Remote Sensing (Mar 2022)
An Interpretation Approach of Ascending–Descending SAR Data for Landslide Identification
Abstract
The technique of interferometric synthetic aperture radar (InSAR) is increasingly employed for landslide detection over large areas, even though the limitations of initial InSAR analysis results have been well acknowledged. Steep terrain in mountainous areas may cause geometric distortions of SAR images, which could affect the accuracy of InSAR analysis results. In addition, due to the existence of massive ground deformation points in the initial InSAR analysis results, accurate landslide recognition from the initial results is challenging. To efficiently identify potential landslide areas from the ascending–descending SAR datasets, this paper presents a novel interpretation approach to analyze the initial time-series InSAR analysis results. Within the context of the proposed approach, SAR visibility analysis, conversion analysis of deformation rates obtained from the time-series InSAR analysis, and spatial analysis and statistics tools for cluster extraction are incorporated.

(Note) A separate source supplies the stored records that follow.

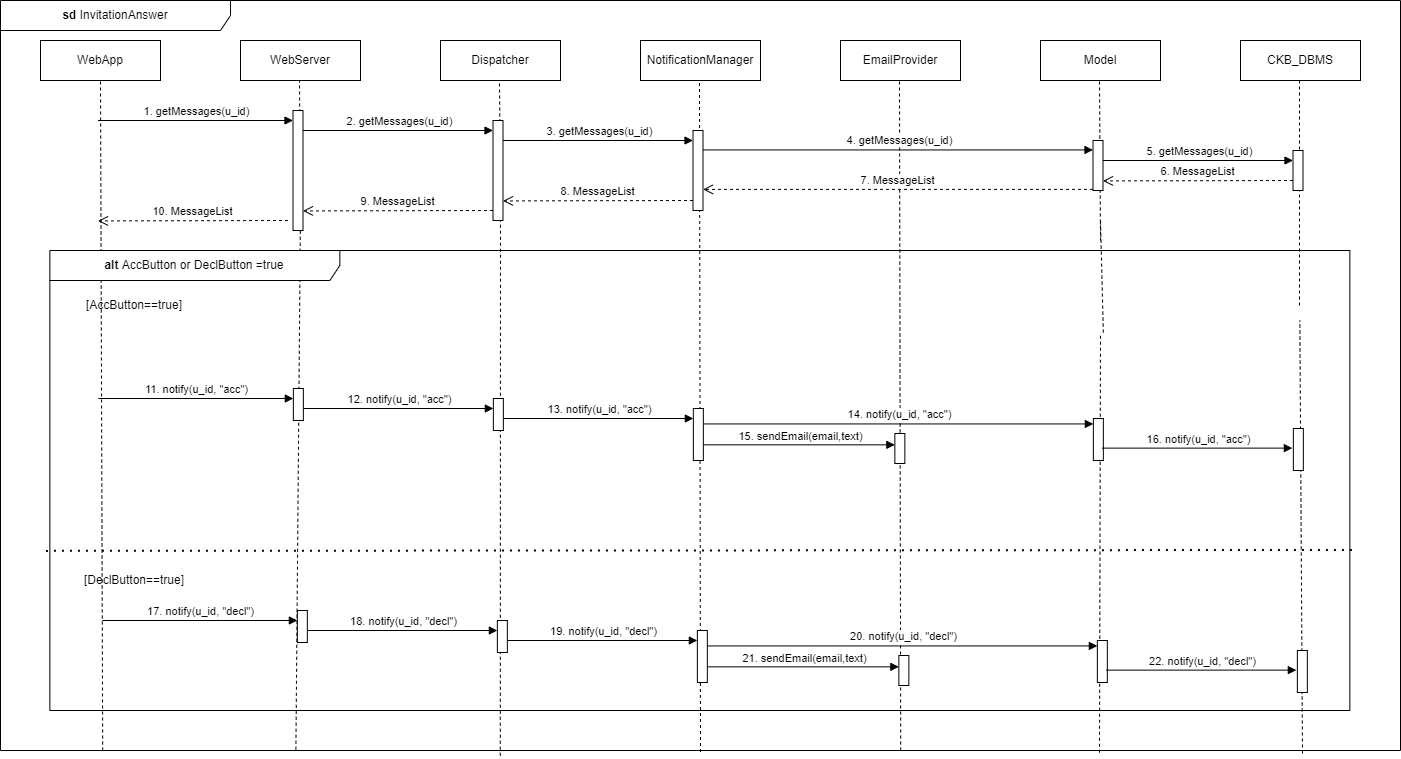

The diagram above was exported from draw.io. Its source (the exported page's mxGraphModel, read from the mxfile embedded in the PNG):
<mxGraphModel dx="2100" dy="1060" grid="1" gridSize="10" guides="1" tooltips="1" connect="1" arrows="1" fold="1" page="1" pageScale="1" pageWidth="827" pageHeight="1169" math="0" shadow="0">
  <root>
    <mxCell id="0" />
    <mxCell id="1" parent="0" />
    <mxCell id="sewpdB1EcIVfwvnlW7aM-1" value="&lt;b&gt;sd &lt;/b&gt;InvitationAnswer" style="shape=umlFrame;whiteSpace=wrap;html=1;pointerEvents=0;width=230;height=30;" vertex="1" parent="1">
      <mxGeometry x="40" y="40" width="1400" height="750" as="geometry" />
    </mxCell>
    <mxCell id="sewpdB1EcIVfwvnlW7aM-2" value="WebApp" style="rounded=0;whiteSpace=wrap;html=1;" vertex="1" parent="1">
      <mxGeometry x="80" y="80" width="120" height="40" as="geometry" />
    </mxCell>
    <mxCell id="sewpdB1EcIVfwvnlW7aM-3" value="WebServer" style="rounded=0;whiteSpace=wrap;html=1;" vertex="1" parent="1">
      <mxGeometry x="280" y="80" width="120" height="40" as="geometry" />
    </mxCell>
    <mxCell id="sewpdB1EcIVfwvnlW7aM-4" value="Dispatcher" style="rounded=0;whiteSpace=wrap;html=1;" vertex="1" parent="1">
      <mxGeometry x="480" y="80" width="120" height="40" as="geometry" />
    </mxCell>
    <mxCell id="sewpdB1EcIVfwvnlW7aM-5" value="NotificationManager" style="rounded=0;whiteSpace=wrap;html=1;" vertex="1" parent="1">
      <mxGeometry x="680" y="80" width="120" height="40" as="geometry" />
    </mxCell>
    <mxCell id="sewpdB1EcIVfwvnlW7aM-6" value="CKB_DBMS" style="rounded=0;whiteSpace=wrap;html=1;" vertex="1" parent="1">
      <mxGeometry x="1280" y="80" width="120" height="40" as="geometry" />
    </mxCell>
    <mxCell id="sewpdB1EcIVfwvnlW7aM-7" value="Model" style="rounded=0;whiteSpace=wrap;html=1;" vertex="1" parent="1">
      <mxGeometry x="1080" y="80" width="120" height="40" as="geometry" />
    </mxCell>
    <mxCell id="sewpdB1EcIVfwvnlW7aM-8" value="EmailProvider" style="rounded=0;whiteSpace=wrap;html=1;" vertex="1" parent="1">
      <mxGeometry x="880" y="80" width="120" height="40" as="geometry" />
    </mxCell>
    <mxCell id="sewpdB1EcIVfwvnlW7aM-9" value="" style="endArrow=none;dashed=1;html=1;rounded=0;entryX=0.5;entryY=1;entryDx=0;entryDy=0;exitX=0.073;exitY=1;exitDx=0;exitDy=0;exitPerimeter=0;" edge="1" parent="1" source="sewpdB1EcIVfwvnlW7aM-1" target="sewpdB1EcIVfwvnlW7aM-2">
      <mxGeometry width="50" height="50" relative="1" as="geometry">
        <mxPoint x="580" y="270" as="sourcePoint" />
        <mxPoint x="630" y="220" as="targetPoint" />
      </mxGeometry>
    </mxCell>
    <mxCell id="sewpdB1EcIVfwvnlW7aM-10" value="" style="endArrow=none;dashed=1;html=1;rounded=0;entryX=0.5;entryY=1;entryDx=0;entryDy=0;" edge="1" parent="1">
      <mxGeometry width="50" height="50" relative="1" as="geometry">
        <mxPoint x="340" y="260" as="sourcePoint" />
        <mxPoint x="339" y="120" as="targetPoint" />
      </mxGeometry>
    </mxCell>
    <mxCell id="sewpdB1EcIVfwvnlW7aM-11" value="" style="endArrow=none;dashed=1;html=1;rounded=0;entryX=0.5;entryY=1;entryDx=0;entryDy=0;" edge="1" parent="1">
      <mxGeometry width="50" height="50" relative="1" as="geometry">
        <mxPoint x="540" y="240" as="sourcePoint" />
        <mxPoint x="539" y="120" as="targetPoint" />
      </mxGeometry>
    </mxCell>
    <mxCell id="sewpdB1EcIVfwvnlW7aM-12" value="" style="endArrow=none;dashed=1;html=1;rounded=0;entryX=0.5;entryY=1;entryDx=0;entryDy=0;exitX=0.5;exitY=1.002;exitDx=0;exitDy=0;exitPerimeter=0;" edge="1" parent="1" source="sewpdB1EcIVfwvnlW7aM-1">
      <mxGeometry width="50" height="50" relative="1" as="geometry">
        <mxPoint x="740" y="560" as="sourcePoint" />
        <mxPoint x="739" y="120" as="targetPoint" />
      </mxGeometry>
    </mxCell>
    <mxCell id="sewpdB1EcIVfwvnlW7aM-13" value="" style="endArrow=none;dashed=1;html=1;rounded=0;entryX=0.5;entryY=1;entryDx=0;entryDy=0;exitX=0.643;exitY=1;exitDx=0;exitDy=0;exitPerimeter=0;" edge="1" parent="1" source="sewpdB1EcIVfwvnlW7aM-1">
      <mxGeometry width="50" height="50" relative="1" as="geometry">
        <mxPoint x="939" y="560" as="sourcePoint" />
        <mxPoint x="939" y="120" as="targetPoint" />
      </mxGeometry>
    </mxCell>
    <mxCell id="sewpdB1EcIVfwvnlW7aM-14" value="" style="endArrow=none;dashed=1;html=1;rounded=0;entryX=0.5;entryY=1;entryDx=0;entryDy=0;" edge="1" parent="1">
      <mxGeometry width="50" height="50" relative="1" as="geometry">
        <mxPoint x="1140" y="280" as="sourcePoint" />
        <mxPoint x="1139" y="120" as="targetPoint" />
      </mxGeometry>
    </mxCell>
    <mxCell id="sewpdB1EcIVfwvnlW7aM-15" value="" style="endArrow=none;dashed=1;html=1;rounded=0;entryX=0.5;entryY=1;entryDx=0;entryDy=0;" edge="1" parent="1">
      <mxGeometry width="50" height="50" relative="1" as="geometry">
        <mxPoint x="1339" y="345" as="sourcePoint" />
        <mxPoint x="1339" y="120" as="targetPoint" />
      </mxGeometry>
    </mxCell>
    <mxCell id="sewpdB1EcIVfwvnlW7aM-16" value="" style="endArrow=none;dashed=1;html=1;rounded=0;entryX=0.5;entryY=1;entryDx=0;entryDy=0;exitX=0.211;exitY=0.999;exitDx=0;exitDy=0;exitPerimeter=0;" edge="1" parent="1" source="sewpdB1EcIVfwvnlW7aM-1">
      <mxGeometry width="50" height="50" relative="1" as="geometry">
        <mxPoint x="340" y="560" as="sourcePoint" />
        <mxPoint x="340.0000000000002" y="250" as="targetPoint" />
      </mxGeometry>
    </mxCell>
    <mxCell id="sewpdB1EcIVfwvnlW7aM-17" value="" style="endArrow=none;dashed=1;html=1;rounded=0;entryX=0.5;entryY=1;entryDx=0;entryDy=0;exitX=0.357;exitY=1.007;exitDx=0;exitDy=0;exitPerimeter=0;" edge="1" parent="1" source="sewpdB1EcIVfwvnlW7aM-1">
      <mxGeometry width="50" height="50" relative="1" as="geometry">
        <mxPoint x="540" y="560" as="sourcePoint" />
        <mxPoint x="540.0000000000002" y="230" as="targetPoint" />
      </mxGeometry>
    </mxCell>
    <mxCell id="sewpdB1EcIVfwvnlW7aM-18" value="" style="endArrow=none;dashed=1;html=1;rounded=0;entryX=0.5;entryY=1;entryDx=0;entryDy=0;exitX=0.785;exitY=1.003;exitDx=0;exitDy=0;exitPerimeter=0;" edge="1" parent="1">
      <mxGeometry width="50" height="50" relative="1" as="geometry">
        <mxPoint x="1142.85" y="372.0899999999999" as="sourcePoint" />
        <mxPoint x="1140" y="260" as="targetPoint" />
      </mxGeometry>
    </mxCell>
    <mxCell id="sewpdB1EcIVfwvnlW7aM-19" value="&lt;b&gt;alt &lt;/b&gt;AccButton or DeclButton =true" style="shape=umlFrame;whiteSpace=wrap;html=1;pointerEvents=0;width=290;height=30;" vertex="1" parent="1">
      <mxGeometry x="89.35000000000001" y="290" width="1300" height="460" as="geometry" />
    </mxCell>
    <mxCell id="sewpdB1EcIVfwvnlW7aM-20" value="1. getMessages(u_id)" style="html=1;verticalAlign=bottom;endArrow=block;curved=0;rounded=0;" edge="1" parent="1">
      <mxGeometry width="80" relative="1" as="geometry">
        <mxPoint x="137.5" y="160" as="sourcePoint" />
        <mxPoint x="332.5" y="160" as="targetPoint" />
      </mxGeometry>
    </mxCell>
    <mxCell id="sewpdB1EcIVfwvnlW7aM-21" value="" style="html=1;points=[[0,0,0,0,5],[0,1,0,0,-5],[1,0,0,0,5],[1,1,0,0,-5]];perimeter=orthogonalPerimeter;outlineConnect=0;targetShapes=umlLifeline;portConstraint=eastwest;newEdgeStyle={&quot;curved&quot;:0,&quot;rounded&quot;:0};" vertex="1" parent="1">
      <mxGeometry x="332.5" y="150" width="10" height="120" as="geometry" />
    </mxCell>
    <mxCell id="sewpdB1EcIVfwvnlW7aM-22" value="" style="html=1;points=[[0,0,0,0,5],[0,1,0,0,-5],[1,0,0,0,5],[1,1,0,0,-5]];perimeter=orthogonalPerimeter;outlineConnect=0;targetShapes=umlLifeline;portConstraint=eastwest;newEdgeStyle={&quot;curved&quot;:0,&quot;rounded&quot;:0};" vertex="1" parent="1">
      <mxGeometry x="732.5" y="170" width="10" height="80" as="geometry" />
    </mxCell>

The effectiveness of the proposed approach is illustrated through a case study of landslide identification in Danba, a county in Sichuan, China. The potential landslide regions in the study area are identified based on the interpretation of small baseline subset InSAR (SBAS-InSAR) results, obtained with ascending–descending Sentinel-1A datasets. Finally, on the basis of the field survey results, a total of 21 landslides are detected in the potential landslide regions identified, through which the results obtained from the proposed interpretation approach are tested.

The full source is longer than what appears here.